-- What you have to do --
The listing is to be duplicated in full, exactly as written.

-- Supplied material --
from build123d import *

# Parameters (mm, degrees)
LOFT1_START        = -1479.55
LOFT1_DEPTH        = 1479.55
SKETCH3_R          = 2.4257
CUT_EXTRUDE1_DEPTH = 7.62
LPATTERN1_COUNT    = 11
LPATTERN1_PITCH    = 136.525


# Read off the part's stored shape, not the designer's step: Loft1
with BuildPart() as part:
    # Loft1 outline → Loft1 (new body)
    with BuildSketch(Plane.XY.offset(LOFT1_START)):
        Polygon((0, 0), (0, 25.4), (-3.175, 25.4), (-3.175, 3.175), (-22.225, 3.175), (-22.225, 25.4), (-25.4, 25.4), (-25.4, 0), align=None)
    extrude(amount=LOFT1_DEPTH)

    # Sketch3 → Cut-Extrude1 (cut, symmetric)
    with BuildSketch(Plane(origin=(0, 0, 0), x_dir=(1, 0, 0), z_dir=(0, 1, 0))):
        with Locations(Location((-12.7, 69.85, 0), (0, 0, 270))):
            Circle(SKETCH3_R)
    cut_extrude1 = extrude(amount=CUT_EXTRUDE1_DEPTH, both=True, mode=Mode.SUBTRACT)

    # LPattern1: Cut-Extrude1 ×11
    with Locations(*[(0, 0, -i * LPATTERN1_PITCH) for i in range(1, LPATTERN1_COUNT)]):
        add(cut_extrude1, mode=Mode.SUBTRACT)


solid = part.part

-- Written solution --
from build123d import *

# Parameters (mm, degrees)
LOFT1_START        = -1479.55
LOFT1_DEPTH        = 1479.55
SKETCH3_R          = 2.4257
CUT_EXTRUDE1_DEPTH = 7.62
LPATTERN1_COUNT    = 11
LPATTERN1_PITCH    = 136.525


# Read off the part's stored shape, not the designer's step: Loft1
with BuildPart() as part:
    # Loft1 outline → Loft1 (new body)
    with BuildSketch(Plane.XY.offset(LOFT1_START)):
        Polygon((0, 0), (0, 25.4), (-3.175, 25.4), (-3.175, 3.175), (-22.225, 3.175), (-22.225, 25.4), (-25.4, 25.4), (-25.4, 0), align=None)
    extrude(amount=LOFT1_DEPTH)

    # Sketch3 → Cut-Extrude1 (cut, symmetric)
    with BuildSketch(Plane(origin=(0, 0, 0), x_dir=(1, 0, 0), z_dir=(0, 1, 0))):
        with Locations(Location((-12.7, 69.85, 0), (0, 0, 270))):
            Circle(SKETCH3_R)
    cut_extrude1 = extrude(amount=CUT_EXTRUDE1_DEPTH, both=True, mode=Mode.SUBTRACT)

    # LPattern1: Cut-Extrude1 ×11
    with Locations(*[(0, 0, -i * LPATTERN1_PITCH) for i in range(1, LPATTERN1_COUNT)]):
        add(cut_extrude1, mode=Mode.SUBTRACT)


solid = part.part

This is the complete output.